* _Task details_
Excluding images, repeat the data exactly as given.

:: Listed records ::

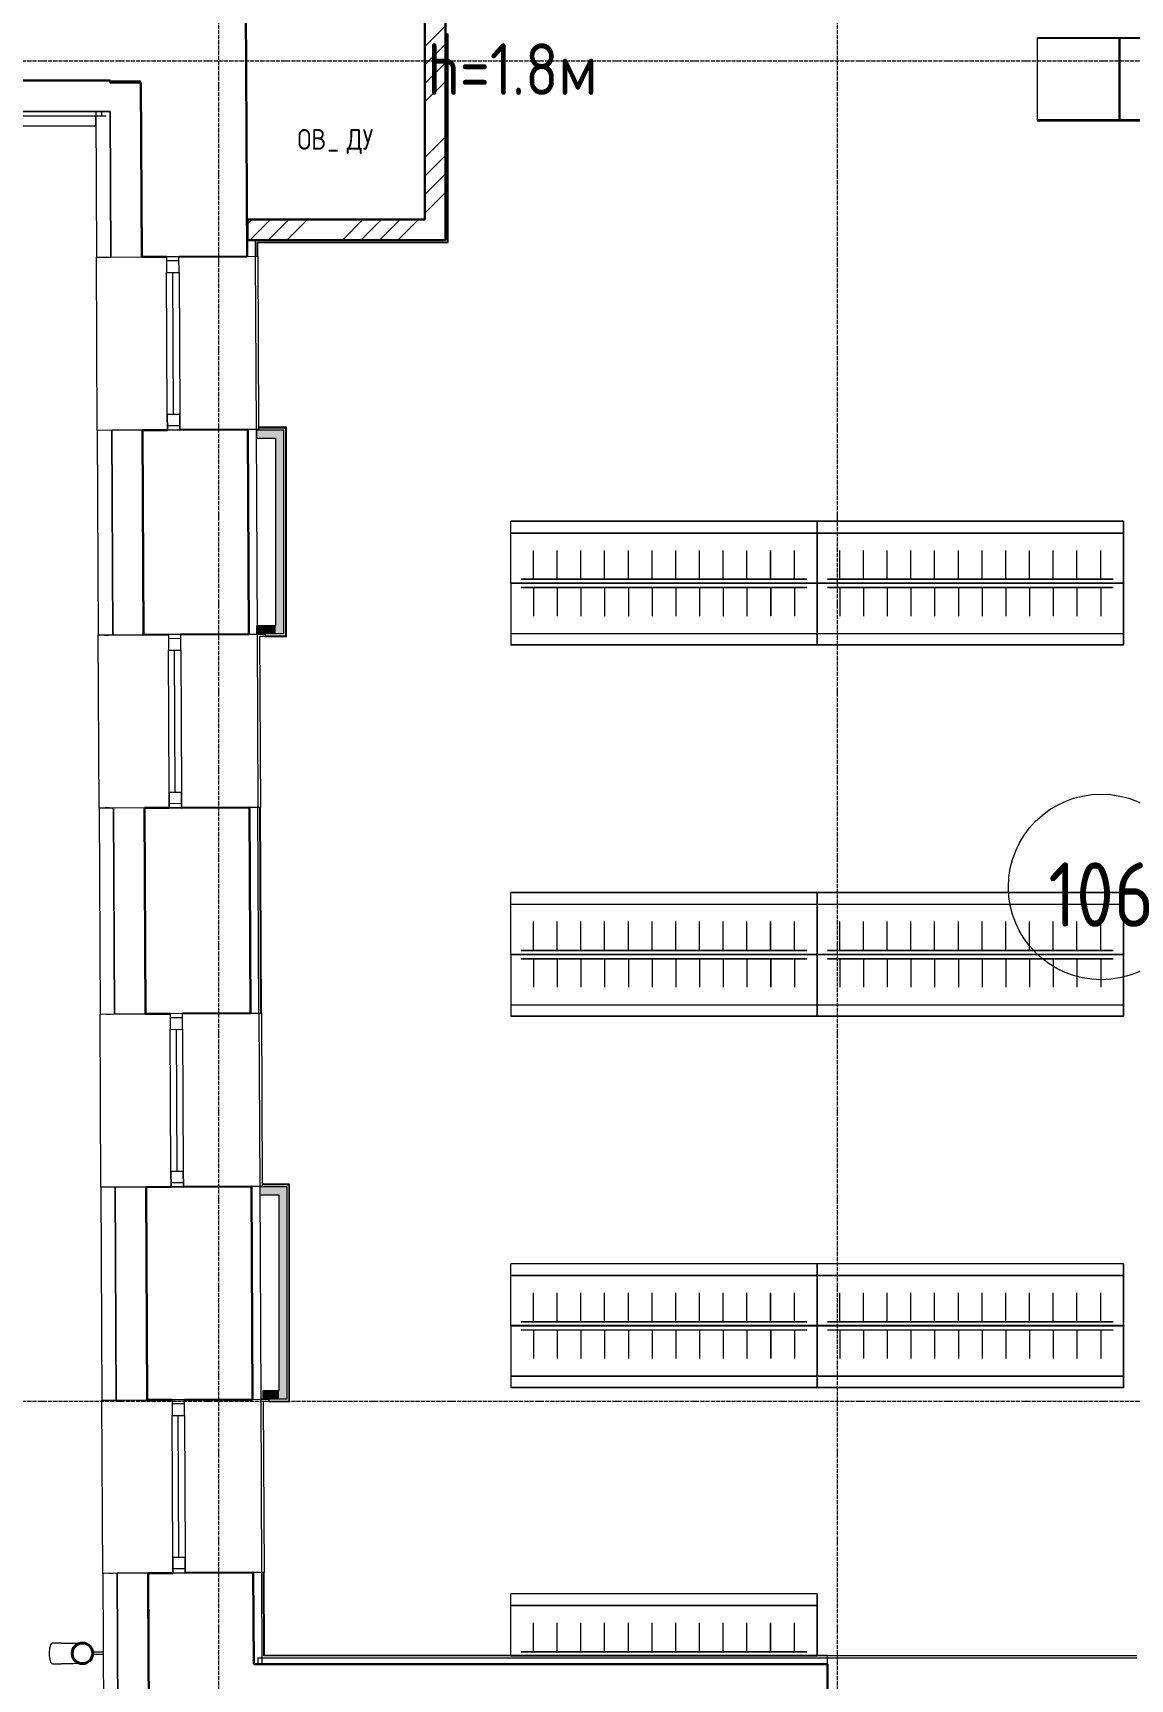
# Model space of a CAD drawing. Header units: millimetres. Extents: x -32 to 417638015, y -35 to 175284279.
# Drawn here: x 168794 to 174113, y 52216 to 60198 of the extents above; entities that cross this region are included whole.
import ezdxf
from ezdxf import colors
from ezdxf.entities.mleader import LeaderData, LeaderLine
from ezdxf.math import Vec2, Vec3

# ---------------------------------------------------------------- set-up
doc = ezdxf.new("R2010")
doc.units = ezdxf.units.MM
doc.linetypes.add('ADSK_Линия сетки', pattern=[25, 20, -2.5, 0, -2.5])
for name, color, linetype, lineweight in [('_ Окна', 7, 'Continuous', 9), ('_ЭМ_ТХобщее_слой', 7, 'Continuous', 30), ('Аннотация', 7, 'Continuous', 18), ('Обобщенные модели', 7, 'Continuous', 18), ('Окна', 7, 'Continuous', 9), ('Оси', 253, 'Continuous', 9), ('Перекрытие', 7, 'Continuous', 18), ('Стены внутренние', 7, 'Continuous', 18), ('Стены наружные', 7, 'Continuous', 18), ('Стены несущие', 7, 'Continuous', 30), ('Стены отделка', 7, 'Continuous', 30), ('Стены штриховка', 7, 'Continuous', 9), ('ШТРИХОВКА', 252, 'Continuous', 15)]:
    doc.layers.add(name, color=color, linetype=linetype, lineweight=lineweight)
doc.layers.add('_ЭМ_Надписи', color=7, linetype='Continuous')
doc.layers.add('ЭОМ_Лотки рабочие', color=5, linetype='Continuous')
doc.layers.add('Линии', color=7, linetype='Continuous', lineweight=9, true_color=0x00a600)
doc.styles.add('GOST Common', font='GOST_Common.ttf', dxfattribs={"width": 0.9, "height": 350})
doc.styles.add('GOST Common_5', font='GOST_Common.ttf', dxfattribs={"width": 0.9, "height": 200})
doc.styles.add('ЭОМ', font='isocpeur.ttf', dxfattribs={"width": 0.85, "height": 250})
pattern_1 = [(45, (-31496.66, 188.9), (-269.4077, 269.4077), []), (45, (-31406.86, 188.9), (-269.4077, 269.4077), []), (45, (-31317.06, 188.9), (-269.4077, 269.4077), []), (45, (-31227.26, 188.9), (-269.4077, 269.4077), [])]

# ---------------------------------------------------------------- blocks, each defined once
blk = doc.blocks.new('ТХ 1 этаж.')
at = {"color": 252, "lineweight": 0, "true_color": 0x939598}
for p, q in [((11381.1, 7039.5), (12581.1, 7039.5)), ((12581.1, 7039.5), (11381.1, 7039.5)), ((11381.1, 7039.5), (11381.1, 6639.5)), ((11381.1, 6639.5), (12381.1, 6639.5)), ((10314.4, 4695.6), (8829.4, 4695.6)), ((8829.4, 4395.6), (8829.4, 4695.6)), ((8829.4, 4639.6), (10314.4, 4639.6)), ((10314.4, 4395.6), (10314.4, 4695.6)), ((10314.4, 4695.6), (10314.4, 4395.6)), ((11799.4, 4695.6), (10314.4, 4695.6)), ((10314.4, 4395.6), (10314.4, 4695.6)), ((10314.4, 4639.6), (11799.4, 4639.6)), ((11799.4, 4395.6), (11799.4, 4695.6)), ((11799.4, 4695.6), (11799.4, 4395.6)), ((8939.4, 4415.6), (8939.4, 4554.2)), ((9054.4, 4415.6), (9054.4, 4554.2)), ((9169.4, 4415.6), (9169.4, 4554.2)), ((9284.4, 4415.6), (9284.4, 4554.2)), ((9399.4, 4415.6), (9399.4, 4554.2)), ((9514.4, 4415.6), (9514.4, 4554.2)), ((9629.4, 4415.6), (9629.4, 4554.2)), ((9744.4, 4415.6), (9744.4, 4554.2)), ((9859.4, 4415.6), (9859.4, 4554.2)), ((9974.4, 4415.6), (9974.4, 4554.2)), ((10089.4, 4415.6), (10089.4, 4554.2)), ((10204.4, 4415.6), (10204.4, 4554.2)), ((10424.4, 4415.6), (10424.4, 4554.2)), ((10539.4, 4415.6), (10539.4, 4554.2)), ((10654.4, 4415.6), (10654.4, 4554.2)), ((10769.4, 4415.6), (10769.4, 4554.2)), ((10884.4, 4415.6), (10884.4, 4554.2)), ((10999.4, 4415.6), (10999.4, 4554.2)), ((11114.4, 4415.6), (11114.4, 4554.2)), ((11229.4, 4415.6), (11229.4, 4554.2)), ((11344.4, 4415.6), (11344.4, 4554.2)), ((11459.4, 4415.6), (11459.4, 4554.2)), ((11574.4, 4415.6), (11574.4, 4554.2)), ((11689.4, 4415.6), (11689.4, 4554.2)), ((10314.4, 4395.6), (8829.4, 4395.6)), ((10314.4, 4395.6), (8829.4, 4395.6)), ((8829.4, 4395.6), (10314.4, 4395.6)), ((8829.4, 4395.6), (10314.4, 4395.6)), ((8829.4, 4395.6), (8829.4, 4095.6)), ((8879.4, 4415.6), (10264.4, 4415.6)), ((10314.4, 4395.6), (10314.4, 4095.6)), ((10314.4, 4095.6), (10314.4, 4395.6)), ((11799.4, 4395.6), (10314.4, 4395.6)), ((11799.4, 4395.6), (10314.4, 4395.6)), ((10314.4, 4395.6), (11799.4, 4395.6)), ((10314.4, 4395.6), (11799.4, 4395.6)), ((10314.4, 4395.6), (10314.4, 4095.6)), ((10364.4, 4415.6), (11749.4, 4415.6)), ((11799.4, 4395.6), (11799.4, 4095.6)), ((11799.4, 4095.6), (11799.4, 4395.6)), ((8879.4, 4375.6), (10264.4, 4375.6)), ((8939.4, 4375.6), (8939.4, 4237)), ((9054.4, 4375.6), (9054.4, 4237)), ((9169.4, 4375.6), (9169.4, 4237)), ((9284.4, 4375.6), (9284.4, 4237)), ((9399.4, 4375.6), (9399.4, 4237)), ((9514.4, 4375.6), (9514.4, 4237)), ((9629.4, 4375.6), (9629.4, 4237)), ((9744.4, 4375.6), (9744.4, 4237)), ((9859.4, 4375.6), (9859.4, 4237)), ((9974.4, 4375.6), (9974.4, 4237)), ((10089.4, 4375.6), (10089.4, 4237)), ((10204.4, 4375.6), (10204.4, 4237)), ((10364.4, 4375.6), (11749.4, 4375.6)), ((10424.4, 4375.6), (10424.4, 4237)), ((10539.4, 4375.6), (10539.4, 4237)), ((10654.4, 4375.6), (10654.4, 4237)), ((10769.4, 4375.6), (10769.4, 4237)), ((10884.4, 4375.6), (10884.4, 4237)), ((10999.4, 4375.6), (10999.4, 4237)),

:::

* _Answer to this task_
# Model space of a CAD drawing. Header units: millimetres. Extents: x -32 to 417638015, y -35 to 175284279.
# Drawn here: x 168794 to 174113, y 52216 to 60198 of the extents above; entities that cross this region are included whole.
import ezdxf
from ezdxf import colors
from ezdxf.entities.mleader import LeaderData, LeaderLine
from ezdxf.math import Vec2, Vec3

# ---------------------------------------------------------------- set-up
doc = ezdxf.new("R2010")
doc.units = ezdxf.units.MM
doc.linetypes.add('ADSK_Линия сетки', pattern=[25, 20, -2.5, 0, -2.5])
for name, color, linetype, lineweight in [('_ Окна', 7, 'Continuous', 9), ('_ЭМ_ТХобщее_слой', 7, 'Continuous', 30), ('Аннотация', 7, 'Continuous', 18), ('Обобщенные модели', 7, 'Continuous', 18), ('Окна', 7, 'Continuous', 9), ('Оси', 253, 'Continuous', 9), ('Перекрытие', 7, 'Continuous', 18), ('Стены внутренние', 7, 'Continuous', 18), ('Стены наружные', 7, 'Continuous', 18), ('Стены несущие', 7, 'Continuous', 30), ('Стены отделка', 7, 'Continuous', 30), ('Стены штриховка', 7, 'Continuous', 9), ('ШТРИХОВКА', 252, 'Continuous', 15)]:
    doc.layers.add(name, color=color, linetype=linetype, lineweight=lineweight)
doc.layers.add('_ЭМ_Надписи', color=7, linetype='Continuous')
doc.layers.add('ЭОМ_Лотки рабочие', color=5, linetype='Continuous')
doc.layers.add('Линии', color=7, linetype='Continuous', lineweight=9, true_color=0x00a600)
doc.styles.add('GOST Common', font='GOST_Common.ttf', dxfattribs={"width": 0.9, "height": 350})
doc.styles.add('GOST Common_5', font='GOST_Common.ttf', dxfattribs={"width": 0.9, "height": 200})
doc.styles.add('ЭОМ', font='isocpeur.ttf', dxfattribs={"width": 0.85, "height": 250})
pattern_1 = [(45, (-31496.66, 188.9), (-269.4077, 269.4077), []), (45, (-31406.86, 188.9), (-269.4077, 269.4077), []), (45, (-31317.06, 188.9), (-269.4077, 269.4077), []), (45, (-31227.26, 188.9), (-269.4077, 269.4077), [])]

# ---------------------------------------------------------------- blocks, each defined once
blk = doc.blocks.new('ТХ 1 этаж.')
at = {"color": 252, "lineweight": 0, "true_color": 0x939598}
for p, q in [((11381.1, 7039.5), (12581.1, 7039.5)), ((12581.1, 7039.5), (11381.1, 7039.5)), ((11381.1, 7039.5), (11381.1, 6639.5)), ((11381.1, 6639.5), (12381.1, 6639.5)), ((10314.4, 4695.6), (8829.4, 4695.6)), ((8829.4, 4395.6), (8829.4, 4695.6)), ((8829.4, 4639.6), (10314.4, 4639.6)), ((10314.4, 4395.6), (10314.4, 4695.6)), ((10314.4, 4695.6), (10314.4, 4395.6)), ((11799.4, 4695.6), (10314.4, 4695.6)), ((10314.4, 4395.6), (10314.4, 4695.6)), ((10314.4, 4639.6), (11799.4, 4639.6)), ((11799.4, 4395.6), (11799.4, 4695.6)), ((11799.4, 4695.6), (11799.4, 4395.6)), ((8939.4, 4415.6), (8939.4, 4554.2)), ((9054.4, 4415.6), (9054.4, 4554.2)), ((9169.4, 4415.6), (9169.4, 4554.2)), ((9284.4, 4415.6), (9284.4, 4554.2)), ((9399.4, 4415.6), (9399.4, 4554.2)), ((9514.4, 4415.6), (9514.4, 4554.2)), ((9629.4, 4415.6), (9629.4, 4554.2)), ((9744.4, 4415.6), (9744.4, 4554.2)), ((9859.4, 4415.6), (9859.4, 4554.2)), ((9974.4, 4415.6), (9974.4, 4554.2)), ((10089.4, 4415.6), (10089.4, 4554.2)), ((10204.4, 4415.6), (10204.4, 4554.2)), ((10424.4, 4415.6), (10424.4, 4554.2)), ((10539.4, 4415.6), (10539.4, 4554.2)), ((10654.4, 4415.6), (10654.4, 4554.2)), ((10769.4, 4415.6), (10769.4, 4554.2)), ((10884.4, 4415.6), (10884.4, 4554.2)), ((10999.4, 4415.6), (10999.4, 4554.2)), ((11114.4, 4415.6), (11114.4, 4554.2)), ((11229.4, 4415.6), (11229.4, 4554.2)), ((11344.4, 4415.6), (11344.4, 4554.2)), ((11459.4, 4415.6), (11459.4, 4554.2)), ((11574.4, 4415.6), (11574.4, 4554.2)), ((11689.4, 4415.6), (11689.4, 4554.2)), ((10314.4, 4395.6), (8829.4, 4395.6)), ((10314.4, 4395.6), (8829.4, 4395.6)), ((8829.4, 4395.6), (10314.4, 4395.6)), ((8829.4, 4395.6), (10314.4, 4395.6)), ((8829.4, 4395.6), (8829.4, 4095.6)), ((8879.4, 4415.6), (10264.4, 4415.6)), ((10314.4, 4395.6), (10314.4, 4095.6)), ((10314.4, 4095.6), (10314.4, 4395.6)), ((11799.4, 4395.6), (10314.4, 4395.6)), ((11799.4, 4395.6), (10314.4, 4395.6)), ((10314.4, 4395.6), (11799.4, 4395.6)), ((10314.4, 4395.6), (11799.4, 4395.6)), ((10314.4, 4395.6), (10314.4, 4095.6)), ((10364.4, 4415.6), (11749.4, 4415.6)), ((11799.4, 4395.6), (11799.4, 4095.6)), ((11799.4, 4095.6), (11799.4, 4395.6)), ((8879.4, 4375.6), (10264.4, 4375.6)), ((8939.4, 4375.6), (8939.4, 4237)), ((9054.4, 4375.6), (9054.4, 4237)), ((9169.4, 4375.6), (9169.4, 4237)), ((9284.4, 4375.6), (9284.4, 4237)), ((9399.4, 4375.6), (9399.4, 4237)), ((9514.4, 4375.6), (9514.4, 4237)), ((9629.4, 4375.6), (9629.4, 4237)), ((9744.4, 4375.6), (9744.4, 4237)), ((9859.4, 4375.6), (9859.4, 4237)), ((9974.4, 4375.6), (9974.4, 4237)), ((10089.4, 4375.6), (10089.4, 4237)), ((10204.4, 4375.6), (10204.4, 4237)), ((10364.4, 4375.6), (11749.4, 4375.6)), ((10424.4, 4375.6), (10424.4, 4237)), ((10539.4, 4375.6), (10539.4, 4237)), ((10654.4, 4375.6), (10654.4, 4237)), ((10769.4, 4375.6), (10769.4, 4237)), ((10884.4, 4375.6), (10884.4, 4237)), ((10999.4, 4375.6), (10999.4, 4237)),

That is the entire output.